**Work request**
Pull from the data below each line where the word "VECTOR" occurs, and copy it.

Extracted data entries
--- START ---
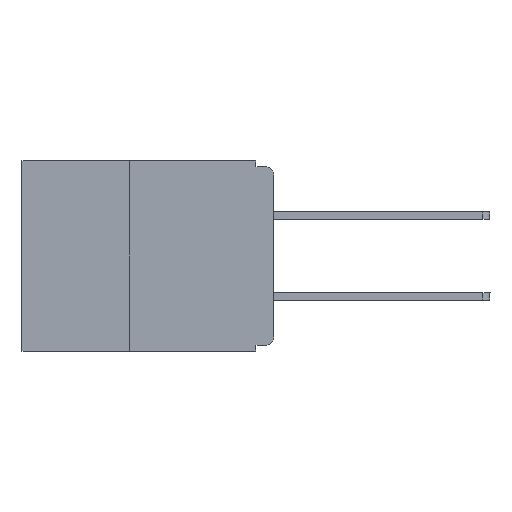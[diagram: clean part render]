
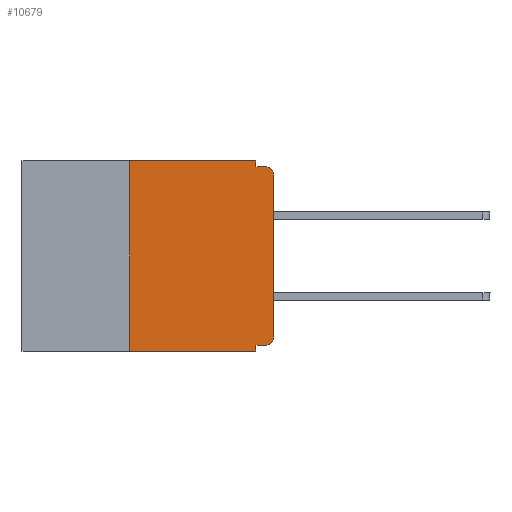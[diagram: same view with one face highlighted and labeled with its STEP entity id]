
A CAD part, left-side view. The second image highlights one B-rep face of the part: STEP entity #10679.
In plain terms, the highlighted planar face has unit normal (-1, 0, 0).
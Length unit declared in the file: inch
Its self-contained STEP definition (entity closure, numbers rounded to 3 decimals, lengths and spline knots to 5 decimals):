
#44 = VERTEX_POINT ( 'NONE', #4748 ) ;
#98 = VERTEX_POINT ( 'NONE', #4991 ) ;
#278 = EDGE_CURVE ( 'NONE', #4718, #8203, #8943, .T. ) ;
#411 = VERTEX_POINT ( 'NONE', #9964 ) ;
#474 = ORIENTED_EDGE ( 'NONE', *, *, #10599, .T. ) ;
#616 = LINE ( 'NONE', #11581, #753 ) ;
#753 = VECTOR ( 'NONE', #6879, 39.37008 ) ;
#821 = EDGE_CURVE ( 'NONE', #2464, #6251, #2184, .T. ) ;
#846 = CIRCLE ( 'NONE', #8715, 0.015 ) ;
#999 = VECTOR ( 'NONE', #5302, 39.37008 ) ;
#1057 = EDGE_CURVE ( 'NONE', #8203, #2476, #5687, .T. ) ;
#1129 = DIRECTION ( 'NONE',  ( 0., 0., -1. ) ) ;
#1388 = CARTESIAN_POINT ( 'NONE',  ( 0., 0.031, 0. ) ) ;
#1563 = DIRECTION ( 'NONE',  ( 0., 1., 0. ) ) ;
#2125 = LINE ( 'NONE', #3473, #5494 ) ;
#2184 = LINE ( 'NONE', #3445, #999 ) ;
#2199 = LINE ( 'NONE', #3261, #4104 ) ;
#2464 = VERTEX_POINT ( 'NONE', #4605 ) ;
#2476 = VERTEX_POINT ( 'NONE', #2814 ) ;
#2774 = EDGE_CURVE ( 'NONE', #44, #2464, #2125, .T. ) ;
#2810 = VERTEX_POINT ( 'NONE', #6192 ) ;
#2814 = CARTESIAN_POINT ( 'NONE',  ( 0., 0.015, -0.01 ) ) ;
#3147 = VERTEX_POINT ( 'NONE', #10421 ) ;
#3206 = PLANE ( 'NONE',  #8299 ) ;
#3261 = CARTESIAN_POINT ( 'NONE',  ( 0., 0.25, -0.33 ) ) ;
#3445 = CARTESIAN_POINT ( 'NONE',  ( 0., 0.031, -0.33 ) ) ;
#3473 = CARTESIAN_POINT ( 'NONE',  ( 0., 0., -0.32 ) ) ;
#3498 = VECTOR ( 'NONE', #7938, 39.37008 ) ;
#3507 = ORIENTED_EDGE ( 'NONE', *, *, #4984, .T. ) ;
#3916 = CARTESIAN_POINT ( 'NONE',  ( 0., 0., -0.01 ) ) ;
#3984 = EDGE_CURVE ( 'NONE', #3147, #4718, #4289, .T. ) ;
#4087 = DIRECTION ( 'NONE',  ( 0., 0., -1. ) ) ;
#4104 = VECTOR ( 'NONE', #9856, 39.37008 ) ;
#4124 = CARTESIAN_POINT ( 'NONE',  ( 0., 0.437, 0. ) ) ;
#4277 = ORIENTED_EDGE ( 'NONE', *, *, #1057, .F. ) ;
#4289 = LINE ( 'NONE', #5468, #6634 ) ;
#4409 = EDGE_CURVE ( 'NONE', #2810, #98, #616, .T. ) ;
#4605 = CARTESIAN_POINT ( 'NONE',  ( 0., 0.031, -0.32 ) ) ;
#4718 = VERTEX_POINT ( 'NONE', #11217 ) ;
#4719 = DIRECTION ( 'NONE',  ( 0., -1., 0. ) ) ;
#4748 = CARTESIAN_POINT ( 'NONE',  ( 0., 0.015, -0.32 ) ) ;
#4792 = CARTESIAN_POINT ( 'NONE',  ( 0., 0.031, -0.01 ) ) ;
#4806 = ORIENTED_EDGE ( 'NONE', *, *, #4409, .T. ) ;
#4869 = DIRECTION ( 'NONE',  ( -1., 0., 0. ) ) ;
#4984 = EDGE_CURVE ( 'NONE', #98, #2476, #6760, .T. ) ;
#4991 = CARTESIAN_POINT ( 'NONE',  ( 0., 0., -0.025 ) ) ;
#5302 = DIRECTION ( 'NONE',  ( 0., 0., -1. ) ) ;
#5385 = ORIENTED_EDGE ( 'NONE', *, *, #821, .F. ) ;
#5468 = CARTESIAN_POINT ( 'NONE',  ( 0., 0.437, 0. ) ) ;
#5494 = VECTOR ( 'NONE', #1563, 39.37008 ) ;
#5687 = LINE ( 'NONE', #3916, #5982 ) ;
#5982 = VECTOR ( 'NONE', #4719, 39.37008 ) ;
#6142 = ORIENTED_EDGE ( 'NONE', *, *, #3984, .F. ) ;
#6192 = CARTESIAN_POINT ( 'NONE',  ( 0., 0., -0.305 ) ) ;
#6251 = VERTEX_POINT ( 'NONE', #11288 ) ;
#6506 = EDGE_CURVE ( 'NONE', #411, #3147, #2199, .T. ) ;
#6634 = VECTOR ( 'NONE', #9280, 39.37008 ) ;
#6760 = CIRCLE ( 'NONE', #6990, 0.015 ) ;
#6864 = CARTESIAN_POINT ( 'NONE',  ( 0., 0.015, -0.025 ) ) ;
#6879 = DIRECTION ( 'NONE',  ( 0., 0., 1. ) ) ;
#6942 = DIRECTION ( 'NONE',  ( 0., 0., -1. ) ) ;
#6990 = AXIS2_PLACEMENT_3D ( 'NONE', #6864, #8869, #6942 ) ;
#7482 = EDGE_CURVE ( 'NONE', #411, #6251, #7882, .T. ) ;
#7585 = ORIENTED_EDGE ( 'NONE', *, *, #278, .F. ) ;
#7882 = LINE ( 'NONE', #8492, #11438 ) ;
#7938 = DIRECTION ( 'NONE',  ( 0., 0., -1. ) ) ;
#8203 = VERTEX_POINT ( 'NONE', #4792 ) ;
#8299 = AXIS2_PLACEMENT_3D ( 'NONE', #4124, #10692, #4087 ) ;
#8492 = CARTESIAN_POINT ( 'NONE',  ( 0., 0.437, -0.33 ) ) ;
#8715 = AXIS2_PLACEMENT_3D ( 'NONE', #12150, #4869, #1129 ) ;
#8869 = DIRECTION ( 'NONE',  ( -1., 0., 0. ) ) ;
#8943 = LINE ( 'NONE', #1388, #3498 ) ;
#9137 = EDGE_LOOP ( 'NONE', ( #4806, #3507, #4277, #7585, #6142, #9726, #10843, #5385, #9235, #474 ) ) ;
#9235 = ORIENTED_EDGE ( 'NONE', *, *, #2774, .F. ) ;
#9280 = DIRECTION ( 'NONE',  ( 0., -1., 0. ) ) ;
#9726 = ORIENTED_EDGE ( 'NONE', *, *, #6506, .F. ) ;
#9856 = DIRECTION ( 'NONE',  ( 0., 0., 1. ) ) ;
#9964 = CARTESIAN_POINT ( 'NONE',  ( 0., 0.25, -0.33 ) ) ;
#10308 = DIRECTION ( 'NONE',  ( 0., -1., 0. ) ) ;
#10421 = CARTESIAN_POINT ( 'NONE',  ( 0., 0.25, 0. ) ) ;
#10599 = EDGE_CURVE ( 'NONE', #44, #2810, #846, .T. ) ;
#10679 = ADVANCED_FACE ( 'NONE', ( #11752 ), #3206, .F. ) ;
#10692 = DIRECTION ( 'NONE',  ( 1., 0., 0. ) ) ;
#10843 = ORIENTED_EDGE ( 'NONE', *, *, #7482, .T. ) ;
#11217 = CARTESIAN_POINT ( 'NONE',  ( 0., 0.031, 0. ) ) ;
#11288 = CARTESIAN_POINT ( 'NONE',  ( 0., 0.031, -0.33 ) ) ;
#11438 = VECTOR ( 'NONE', #10308, 39.37008 ) ;
#11581 = CARTESIAN_POINT ( 'NONE',  ( 0., 0., 0. ) ) ;
#11752 = FACE_OUTER_BOUND ( 'NONE', #9137, .T. ) ;
#12150 = CARTESIAN_POINT ( 'NONE',  ( 0., 0.015, -0.305 ) ) ;
--- END ---
**Response to this exercise**
#753 = VECTOR ( 'NONE', #6879, 39.37008 ) ;
#999 = VECTOR ( 'NONE', #5302, 39.37008 ) ;
#3498 = VECTOR ( 'NONE', #7938, 39.37008 ) ;
#4104 = VECTOR ( 'NONE', #9856, 39.37008 ) ;
#5494 = VECTOR ( 'NONE', #1563, 39.37008 ) ;
#5982 = VECTOR ( 'NONE', #4719, 39.37008 ) ;
#6634 = VECTOR ( 'NONE', #9280, 39.37008 ) ;
#11438 = VECTOR ( 'NONE', #10308, 39.37008 ) ;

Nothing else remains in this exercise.